#### PROBLEM STATEMENT:
Find the line with "Square1/1 -> Sum of Elements/1" and the line with "Selector1/1 -> Square2/1" in the entries below; output exactly those two lines, every line between them, and no others.

#### RECORD SET:
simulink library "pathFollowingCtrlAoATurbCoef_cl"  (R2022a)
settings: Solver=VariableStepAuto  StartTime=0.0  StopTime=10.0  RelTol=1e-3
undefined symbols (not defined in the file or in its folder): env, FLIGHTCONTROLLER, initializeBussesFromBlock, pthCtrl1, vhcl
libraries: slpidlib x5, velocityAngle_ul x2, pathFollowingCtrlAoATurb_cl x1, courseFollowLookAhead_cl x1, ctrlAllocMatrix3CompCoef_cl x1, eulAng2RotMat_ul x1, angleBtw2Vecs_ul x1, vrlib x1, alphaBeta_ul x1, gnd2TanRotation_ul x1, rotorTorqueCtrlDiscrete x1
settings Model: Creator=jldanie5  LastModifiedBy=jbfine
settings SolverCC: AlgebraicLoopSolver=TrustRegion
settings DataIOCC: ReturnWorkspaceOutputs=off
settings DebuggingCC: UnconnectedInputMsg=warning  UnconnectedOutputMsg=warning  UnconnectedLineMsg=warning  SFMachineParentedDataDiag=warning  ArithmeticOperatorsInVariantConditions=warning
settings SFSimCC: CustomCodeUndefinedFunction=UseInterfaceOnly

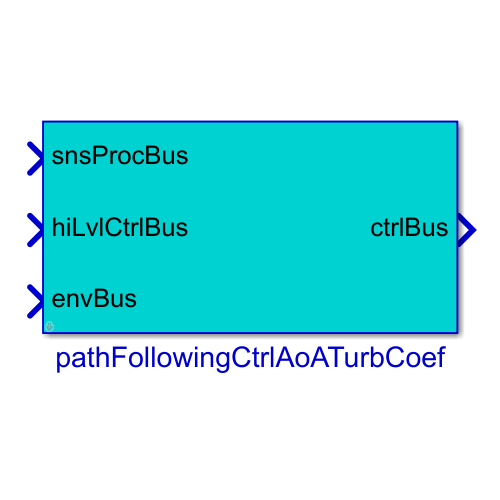
[thumbnail: Simulink's stored preview of the top-level diagram]
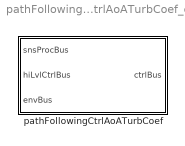
== system pathFollowingCtrlAoATurbCoef_cl ==
  pathFollowingCtrlAoATurbCoef : Subsystem  LoadFcn=initializeBussesFromBlock(gcb)  InitFcn=initializeBussesFromBlock(gcb)  StartFcn=initializeBussesFromBlock(gcb)  VariantControl=strcmpi(FLIGHTCONTROLLER,'pathFollowingControllerManta')  mask{initPosForInitSStar=vhcl.initPosVecGnd.Value, fluidDensity=env.water.density.Value, pathCtrl=pthCtrl1, aeroStruct=vhcl.struct('OCT.aeroSurf')}
      mask prompts: initPosForInitSStar "Initial Position"; fluidDensity "Fluid Density"; pathCtrl "Controller"; aeroStruct "Aerodynamic Structure"
      settings: MinAlgLoopOccurrences=on
      mask DialogControl Container3 Prompt: courseFollow Params
      mask DialogControl Container4 Prompt: setpointToOutput Params

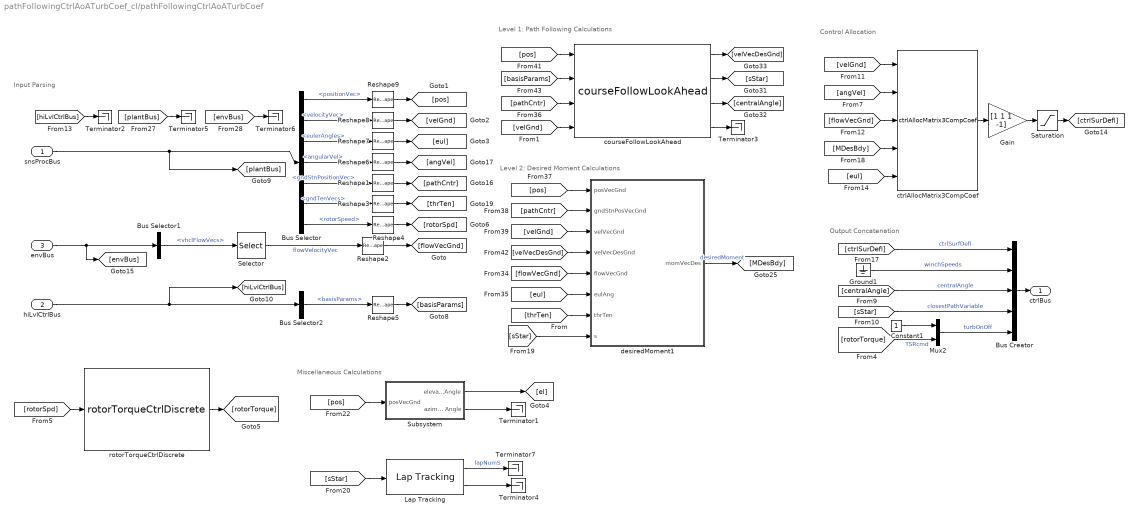
== system pathFollowingCtrlAoATurbCoef_cl/pathFollowingCtrlAoATurbCoef ==
  note: Control Allocation
  note: Miscellaneous Calculations
  note: Output Concatenation
  note: Input Parsing
  note: Level 1: Path Following Calculations
  note: Level 2: Desired Moment Calculations
  snsProcBus : Inport  OutDataTypeStr=Bus: sensorsProcessingBus
  hiLvlCtrlBus : Inport  Port=2
  envBus : Inport  Port=3  OutDataTypeStr=Bus: envBus
  Bus Creator : BusCreator  Inputs=5
  Bus Selector : BusSelector  OutputSignals=positionVec,velocityVec,eulerAngles,angularVel,gndStnPositionVec,gndTenVecs,rotorSpeed
  Bus Selector1 : BusSelector  OutputSignals=vhclFlowVecs
  Bus Selector2 : BusSelector  OutputSignals=basisParams
  Constant1 : Constant
  Gain : Gain  Gain=[1 1 1 -1]
  Ground1 : Ground
  Lap Tracking : pathFollowingCtrlAoATurb_cl/pathFollowingCtrlAoATurb/Lap Tracking  SystemSampleTime=-1  VariantActivationTime=update diagram  Latency=0  AutoFrameSizeCalculation=off
  Mux2 : Mux  Inputs=2
  Reshape{1..9} (9 alike) : Reshape  OutputDimensionality=Column vector (2-D)
  Saturation : Saturate  UpperLimit=30  LowerLimit=-30
  Selector : Selector  NumberOfDimensions=2  InputPortWidth=3  IndexOptions=Select all,Index vector (dialog)  Indices=[1 3],5  OutputSizes=1,1
  Subsystem : Subsystem
  Terminator{1..7} (7 alike) : Terminator
  courseFollowLookAhead : courseFollowLookAhead_cl/courseFollowLookAhead  SystemSampleTime=-1  VariantActivationTime=update diagram  Latency=0  AutoFrameSizeCalculation=off
  ctrlAllocMatrix3CompCoef : ctrlAllocMatrix3CompCoef_cl/ctrlAllocMatrix3CompCoef  aeroStruct=vhcl.struct('OCT.aeroSurf')  fluidDensity=fluidDensity  arms=vhcl.struct('OCT.thrAttch')
  desiredMoment1 : Subsystem
  rotorTorqueCtrlDiscrete : rotorTorqueCtrlDiscrete/rotorTorqueCtrlDiscrete  turb_struct=vhcl.struct('OCT.turb')  rho=rho
  ctrlBus : Outport  OutDataTypeStr=Bus: fltCtrlBus  VectorParamsAs1DForOutWhenUnconnected=off
  wires:
  Bus Selector/6 -> Reshape3/1  "<gndTenVecs>"
  Reshape3/1 -> [thrTen]
  snsProcBus/1 -> [plantBus], Bus Selector/1
  Bus Selector/2 -> Reshape8/1  "<velocityVec>"
  Bus Selector/1 -> Reshape9/1  "<positionVec>"
  Bus Selector/3 -> Reshape7/1  "<eulerAngles>"
  Bus Creator/1 -> ctrlBus/1
  Ground1/1 -> Bus Creator/2  "winchSpeeds"
  hiLvlCtrlBus/1 -> [hiLvlCtrlBus], Bus Selector2/1
  [centralAngle] -> Bus Creator/3  "centralAngle"
  [sStar] -> Bus Creator/4  "closestPathVariable"
  Bus Selector/4 -> Reshape6/1  "<angularVel>"
  [angVel] -> ctrlAllocMatrix3CompCoef/2
  [velGnd] -> ctrlAllocMatrix3CompCoef/1
  [flowVecGnd] -> ctrlAllocMatrix3CompCoef/3
  [MDesBdy] -> ctrlAllocMatrix3CompCoef/4
  [ctrlSurDefl] -> Bus Creator/1  "ctrlSurfDefl"
  Bus Selector2/1 -> Reshape5/1  "<basisParams>"
  Reshape5/1 -> [basisParams]
  Reshape2/1 -> [flowVecGnd]
  Reshape6/1 -> [angVel]
  Reshape7/1 -> [eul]
  Reshape8/1 -> [velGnd]
  Reshape9/1 -> [pos]
  [eul] -> ctrlAllocMatrix3CompCoef/5
  Selector/1 -> Reshape2/1  "flowVelocityVec"
  envBus/1 -> [envBus], Bus Selector1/1
  Bus Selector1/1 -> Selector/1  "<vhclFlowVecs>"
  Reshape1/1 -> [pathCntr]
  Bus Selector/5 -> Reshape1/1  "<gndStnPositionVec>"
  [pos] -> Subsystem/1(posVecGnd)
  Subsystem/2(azimuth Angle) -> Terminator1/1
  [plantBus] -> Terminator5/1
  [envBus] -> Terminator6/1
  [hiLvlCtrlBus] -> Terminator2/1
  Mux2/1 -> Bus Creator/5  "turbOnOff"
  Constant1/1 -> Mux2/1
  [rotorTorque] -> Mux2/2  "TSRcmd"
  [velVecDesGnd] -> desiredMoment1/4(velVecDesGnd)
  [velGnd] -> desiredMoment1/3(velVecGnd)
  [eul] -> desiredMoment1/6(eulAng)
  [basisParams] -> courseFollowLookAhead/2
  [pathCntr] -> desiredMoment1/2(gndStnPosVecGnd)
  courseFollowLookAhead/2 -> [sStar]
  [pos] -> desiredMoment1/1(posVecGnd)
  [pathCntr] -> courseFollowLookAhead/3
  desiredMoment1/1(momVecDes) -> [MDesBdy]  "desiredMoment"
  [pos] -> courseFollowLookAhead/1
  courseFollowLookAhead/3 -> [centralAngle]
  courseFollowLookAhead/4 -> Terminator3/1
  courseFollowLookAhead/1 -> [velVecDesGnd]
  [flowVecGnd] -> desiredMoment1/5(flowVecGnd)
  [thrTen] -> desiredMoment1/7(thrTen)
  [velGnd] -> courseFollowLookAhead/4
  Saturation/1 -> [ctrlSurDefl]
  [sStar] -> desiredMoment1/8(s)
  [rotorSpd] -> rotorTorqueCtrlDiscrete/1
  Reshape4/1 -> [rotorSpd]
  Bus Selector/7 -> Reshape4/1  "<rotorSpeed>"
  Subsystem/1(elevationAngle) -> [el]
  rotorTorqueCtrlDiscrete/1 -> [rotorTorque]
  ctrlAllocMatrix3CompCoef/1 -> Gain/1
  Gain/1 -> Saturation/1
  Lap Tracking/2 -> Terminator4/1
  Lap Tracking/1 -> Terminator7/1  "lapNumS"
  [sStar] -> Lap Tracking/1

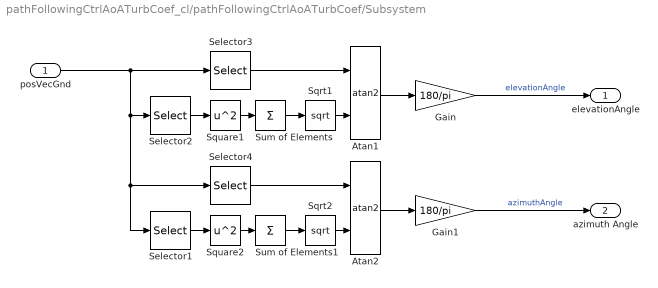
== system pathFollowingCtrlAoATurbCoef_cl/pathFollowingCtrlAoATurbCoef/Subsystem ==
  posVecGnd : Inport
  Atan1 : Trigonometry  Operator=atan2
  Atan2 : Trigonometry  Operator=atan2
  Gain : Gain  Gain=180/pi
  Gain1 : Gain  Gain=180/pi
  Selector1 : Selector  InputPortWidth=3  IndexOptions=Index vector (dialog)  Indices=1  OutputSizes=1
  Selector2 : Selector  InputPortWidth=3  IndexOptions=Index vector (dialog)  Indices=[1 2]  OutputSizes=1
  Selector3 : Selector  InputPortWidth=3  IndexOptions=Index vector (dialog)  Indices=3  OutputSizes=1
  Selector4 : Selector  InputPortWidth=3  IndexOptions=Index vector (dialog)  Indices=2  OutputSizes=1
  Sqrt1 : Sqrt
  Sqrt2 : Sqrt
  Square1 : Math  Operator=square  SignedPower=on
  Square2 : Math  Operator=square  SignedPower=on
  Sum of Elements : Sum  Inputs=+
  Sum of Elements1 : Sum  Inputs=+
  elevationAngle : Outport
  azimuth Angle : Outport  Port=2
  wires:
  Sqrt1/1 -> Atan1/2
  Square1/1 -> Sum of Elements/1
  Selector3/1 -> Atan1/1
  Sum of Elements/1 -> Sqrt1/1
  Atan1/1 -> Gain/1
  Selector2/1 -> Square1/1
  Gain/1 -> elevationAngle/1  "elevationAngle"
  Atan2/1 -> Gain1/1
  Square2/1 -> Sum of Elements1/1
  Sum of Elements1/1 -> Sqrt2/1
  Selector1/1 -> Square2/1
  posVecGnd/1 -> Selector1/1, Selector4/1, Selector2/1, Selector3/1
  Sqrt2/1 -> Atan2/2
  Selector4/1 -> Atan2/1
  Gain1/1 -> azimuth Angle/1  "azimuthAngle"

#### OUTPUT FOR THIS EXERCISE:
  Square1/1 -> Sum of Elements/1
  Selector3/1 -> Atan1/1
  Sum of Elements/1 -> Sqrt1/1
  Atan1/1 -> Gain/1
  Selector2/1 -> Square1/1
  Gain/1 -> elevationAngle/1  "elevationAngle"
  Atan2/1 -> Gain1/1
  Square2/1 -> Sum of Elements1/1
  Sum of Elements1/1 -> Sqrt2/1
  Selector1/1 -> Square2/1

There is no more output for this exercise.